### TASK INPUT
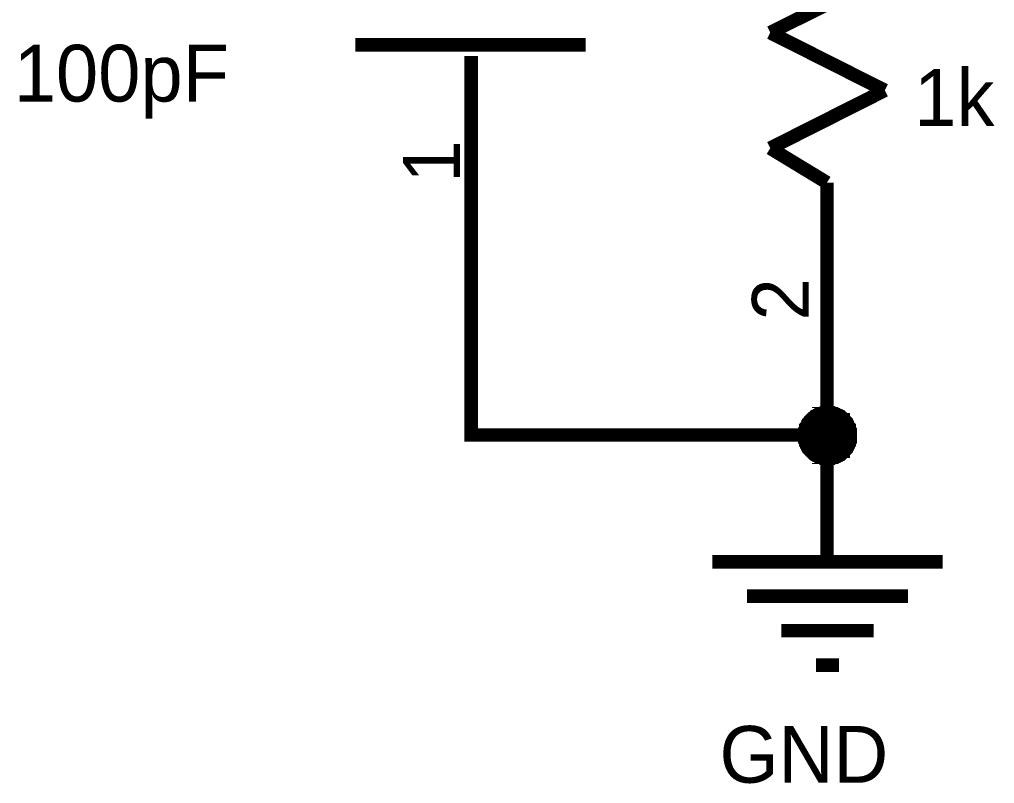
# Model space of a CAD drawing. Header units: millimetres. Extents: x 0 to 800, y 0 to 567.
# Drawn here: x 480.01 to 501.55, y 377.36 to 394.24 of the extents above; entities that cross this region are included whole.
import ezdxf

# ---------------------------------------------------------------- set-up
doc = ezdxf.new("R2010")
doc.units = ezdxf.units.MM
doc.layers.add('Sheet', color=255, linetype='Continuous')

msp = doc.modelspace()

# ---------------------------------------------------------------- linework, layer by layer
at = {"layer": 'Sheet'}
for points, const_width in [([(496.591, 393.95), (499.122, 395.204)], 0.3), ([(499.122, 392.673), (496.591, 393.95)], 0.3), ([(492.514, 393.681), (487.429, 393.681)], 0.3), ([(489.983, 393.434), (489.983, 391.911)], 0.3), ([(489.983, 393.434), (489.983, 393.188)], 0.3), ([(496.591, 391.396), (499.122, 392.673)], 0.3), ([(489.983, 391.911), (489.983, 385.057), (497.845, 385.057)], 0.3), ([(497.845, 390.634), (496.591, 391.396)], 0.3), ([(497.845, 390.634), (497.845, 385.55)], 0.3), ([(497.845, 390.634), (497.845, 389.873)], 0.3), ([(497.352, 385.057), (497.352, 385.08), (497.352, 385.102), (497.352, 385.124), (497.352, 385.147), (497.375, 385.169), (497.375, 385.192), (497.375, 385.236), (497.397, 385.259), (497.397, 385.259), (497.419, 385.281), (497.419, 385.304), (497.442, 385.326), (497.442, 385.348), (497.464, 385.371), (497.487, 385.393), (497.487, 385.393), (497.509, 385.416), (497.531, 385.438), (497.554, 385.46), (497.576, 385.46), (497.599, 385.483), (497.621, 385.483), (497.643, 385.505), (497.666, 385.505), (497.666, 385.528), (497.711, 385.528), (497.733, 385.528), (497.755, 385.55), (497.778, 385.55), (497.8, 385.55), (497.823, 385.55), (497.845, 385.55)], 0.3), ([(497.352, 385.057), (497.352, 385.08), (497.352, 385.102), (497.352, 385.124), (497.352, 385.147), (497.375, 385.169), (497.375, 385.192), (497.375, 385.236), (497.397, 385.259), (497.397, 385.259), (497.419, 385.281), (497.419, 385.304), (497.442, 385.326), (497.442, 385.348), (497.464, 385.371), (497.487, 385.393), (497.487, 385.393), (497.509, 385.416), (497.531, 385.438), (497.554, 385.46), (497.576, 385.46), (497.599, 385.483), (497.621, 385.483), (497.643, 385.505), (497.666, 385.505), (497.666, 385.528), (497.711, 385.528), (497.733, 385.528), (497.755, 385.55), (497.778, 385.55), (497.8, 385.55), (497.823, 385.55), (497.845, 385.55)], 0.3), ([(497.352, 385.057), (497.352, 385.08), (497.352, 385.102), (497.352, 385.124), (497.352, 385.147), (497.375, 385.169), (497.375, 385.192), (497.375, 385.236), (497.397, 385.259), (497.397, 385.259), (497.419, 385.281), (497.419, 385.304), (497.442, 385.326), (497.442, 385.348), (497.464, 385.371), (497.487, 385.393), (497.487, 385.393), (497.509, 385.416), (497.531, 385.438), (497.554, 385.46), (497.576, 385.46), (497.599, 385.483), (497.621, 385.483), (497.643, 385.505), (497.666, 385.505), (497.666, 385.528), (497.711, 385.528), (497.733, 385.528), (497.755, 385.55), (497.778, 385.55), (497.8, 385.55), (497.823, 385.55), (497.845, 385.55)], 0.3), ([(497.352, 385.057), (497.352, 385.08), (497.352, 385.102), (497.352, 385.124), (497.352, 385.147), (497.375, 385.169), (497.375, 385.192), (497.375, 385.236), (497.397, 385.259), (497.397, 385.259), (497.419, 385.281), (497.419, 385.304), (497.442, 385.326), (497.442, 385.348), (497.464, 385.371), (497.487, 385.393), (497.487, 385.393), (497.509, 385.416), (497.531, 385.438), (497.554, 385.46), (497.576, 385.46), (497.599, 385.483), (497.621, 385.483), (497.643, 385.505), (497.666, 385.505), (497.666, 385.528), (497.711, 385.528), (497.733, 385.528), (497.755, 385.55), (497.778, 385.55), (497.8, 385.55), (497.823, 385.55), (497.845, 385.55)], 0.3), ([(497.352, 385.057), (497.352, 385.08), (497.352, 385.102), (497.352, 385.124), (497.352, 385.147), (497.375, 385.169), (497.375, 385.192), (497.375, 385.236), (497.397, 385.259), (497.397, 385.259), (497.419, 385.281), (497.419, 385.304), (497.442, 385.326), (497.442, 385.348), (497.464, 385.371), (497.487, 385.393), (497.487, 385.393), (497.509, 385.416), (497.531, 385.438), (497.554, 385.46), (497.576, 385.46), (497.599, 385.483), (497.621, 385.483), (497.643, 385.505), (497.666, 385.505), (497.666, 385.528), (497.711, 385.528), (497.733, 385.528), (497.755, 385.55), (497.778, 385.55), (497.8, 385.55), (497.823, 385.55), (497.845, 385.55)], 0.0991), ([(497.352, 385.057), (497.352, 385.08), (497.352, 385.102), (497.352, 385.124), (497.352, 385.147), (497.375, 385.169), (497.375, 385.192), (497.375, 385.236), (497.397, 385.259), (497.397, 385.259), (497.419, 385.281), (497.419, 385.304), (497.442, 385.326), (497.442, 385.348), (497.464, 385.371), (497.487, 385.393), (497.487, 385.393), (497.509, 385.416), (497.531, 385.438), (497.554, 385.46), (497.576, 385.46), (497.599, 385.483), (497.621, 385.483), (497.643, 385.505), (497.666, 385.505), (497.666, 385.528), (497.711, 385.528), (497.733, 385.528), (497.755, 385.55), (497.778, 385.55), (497.8, 385.55), (497.823, 385.55), (497.845, 385.55)], 0.0991), ([(497.352, 385.057), (497.352, 385.08), (497.352, 385.102), (497.352, 385.124), (497.352, 385.147), (497.375, 385.169), (497.375, 385.192), (497.375, 385.236), (497.397, 385.259), (497.397, 385.259), (497.419, 385.281), (497.419, 385.304), (497.442, 385.326), (497.442, 385.348), (497.464, 385.371), (497.487, 385.393), (497.487, 385.393), (497.509, 385.416), (497.531, 385.438), (497.554, 385.46), (497.576, 385.46), (497.599, 385.483), (497.621, 385.483), (497.643, 385.505), (497.666, 385.505), (497.666, 385.528), (497.711, 385.528), (497.733, 385.528), (497.755, 385.55), (497.778, 385.55), (497.8, 385.55), (497.823, 385.55), (497.845, 385.55)], 0.0991), ([(497.352, 385.057), (497.352, 385.08), (497.352, 385.102), (497.352, 385.124), (497.352, 385.147), (497.375, 385.169), (497.375, 385.192), (497.375, 385.236), (497.397, 385.259), (497.397, 385.259), (497.419, 385.281), (497.419, 385.304), (497.442, 385.326), (497.442, 385.348), (497.464, 385.371), (497.487, 385.393), (497.487, 385.393), (497.509, 385.416), (497.531, 385.438), (497.554, 385.46), (497.576, 385.46), (497.599, 385.483), (497.621, 385.483), (497.643, 385.505), (497.666, 385.505), (497.666, 385.528), (497.711, 385.528), (497.733, 385.528), (497.755, 385.55), (497.778, 385.55), (497.8, 385.55), (497.823, 385.55), (497.845, 385.55)], 0.0991), ([(497.845, 385.55), (497.845, 385.057), (497.845, 384.788)], 0.3), ([(497.845, 385.55), (497.845, 385.55)], 0.3), ([(497.845, 385.55), (497.867, 385.55), (497.89, 385.55), (497.935, 385.55), (497.957, 385.55), (497.979, 385.528), (498.002, 385.528), (498.024, 385.528), (498.047, 385.505), (498.069, 385.505), (498.091, 385.483), (498.114, 385.483), (498.136, 385.46), (498.159, 385.46), (498.181, 385.438), (498.203, 385.416), (498.203, 385.393), (498.226, 385.393), (498.248, 385.371), (498.271, 385.348), (498.271, 385.326), (498.293, 385.304), (498.293, 385.281), (498.315, 385.259), (498.315, 385.259), (498.338, 385.236), (498.338, 385.192), (498.338, 385.169), (498.36, 385.147), (498.36, 385.124), (498.36, 385.102), (498.36, 385.08), (498.36, 385.057)], 0.3), ([(497.845, 385.55), (497.845, 385.55)], 0.3), ([(497.845, 385.55), (497.867, 385.55), (497.89, 385.55), (497.935, 385.55), (497.957, 385.55), (497.979, 385.528), (498.002, 385.528), (498.024, 385.528), (498.047, 385.505), (498.069, 385.505), (498.091, 385.483), (498.114, 385.483), (498.136, 385.46), (498.159, 385.46), (498.181, 385.438), (498.203, 385.416), (498.203, 385.393), (498.226, 385.393), (498.248, 385.371), (498.271, 385.348), (498.271, 385.326), (498.293, 385.304), (498.293, 385.281), (498.315, 385.259), (498.315, 385.259), (498.338, 385.236), (498.338, 385.192), (498.338, 385.169), (498.36, 385.147), (498.36, 385.124), (498.36, 385.102), (498.36, 385.08), (498.36, 385.057)], 0.3), ([(497.845, 385.55), (497.845, 385.55)], 0.3), ([(497.845, 385.55), (497.867, 385.55), (497.89, 385.55), (497.935, 385.55), (497.957, 385.55), (497.979, 385.528), (498.002, 385.528), (498.024, 385.528), (498.047, 385.505), (498.069, 385.505), (498.091, 385.483), (498.114, 385.483), (498.136, 385.46), (498.159, 385.46), (498.181, 385.438), (498.203, 385.416), (498.203, 385.393), (498.226, 385.393), (498.248, 385.371), (498.271, 385.348), (498.271, 385.326), (498.293, 385.304), (498.293, 385.281), (498.315, 385.259), (498.315, 385.259), (498.338, 385.236), (498.338, 385.192), (498.338, 385.169), (498.36, 385.147), (498.36, 385.124), (498.36, 385.102), (498.36, 385.08), (498.36, 385.057)], 0.3), ([(497.845, 385.55), (497.845, 385.55)], 0.3), ([(497.845, 385.55), (497.867, 385.55), (497.89, 385.55), (497.935, 385.55), (497.957, 385.55), (497.979, 385.528), (498.002, 385.528), (498.024, 385.528), (498.047, 385.505), (498.069, 385.505), (498.091, 385.483), (498.114, 385.483), (498.136, 385.46), (498.159, 385.46), (498.181, 385.438), (498.203, 385.416), (498.203, 385.393), (498.226, 385.393), (498.248, 385.371), (498.271, 385.348), (498.271, 385.326), (498.293, 385.304), (498.293, 385.281), (498.315, 385.259), (498.315, 385.259), (498.338, 385.236), (498.338, 385.192), (498.338, 385.169), (498.36, 385.147), (498.36, 385.124), (498.36, 385.102), (498.36, 385.08), (498.36, 385.057)], 0.3), ([(497.845, 385.55), (497.845, 385.55)], 0.0991), ([(497.845, 385.55), (497.867, 385.55), (497.89, 385.55), (497.935, 385.55), (497.957, 385.55), (497.979, 385.528), (498.002, 385.528), (498.024, 385.528), (498.047, 385.505), (498.069, 385.505), (498.091, 385.483), (498.114, 385.483), (498.136, 385.46), (498.159, 385.46), (498.181, 385.438), (498.203, 385.416), (498.203, 385.393), (498.226, 385.393), (498.248, 385.371), (498.271, 385.348), (498.271, 385.326), (498.293, 385.304), (498.293, 385.281), (498.315, 385.259), (498.315, 385.259), (498.338, 385.236), (498.338, 385.192), (498.338, 385.169), (498.36, 385.147), (498.36, 385.124), (498.36, 385.102), (498.36, 385.08), (498.36, 385.057)], 0.0991), ([(497.845, 385.55), (497.845, 385.55)], 0.0991), ([(497.845, 385.55), (497.867, 385.55), (497.89, 385.55), (497.935, 385.55), (497.957, 385.55), (497.979, 385.528), (498.002, 385.528), (498.024, 385.528), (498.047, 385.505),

### INSTRUCTIONS TO FOLLOW
Look above for the line containing "import ezdxf" and the line containing "msp = doc.modelspace()". Transcribe both, with the lines between them, exactly.

### TASK RESPONSE
import ezdxf

# ---------------------------------------------------------------- set-up
doc = ezdxf.new("R2010")
doc.units = ezdxf.units.MM
doc.layers.add('Sheet', color=255, linetype='Continuous')

msp = doc.modelspace()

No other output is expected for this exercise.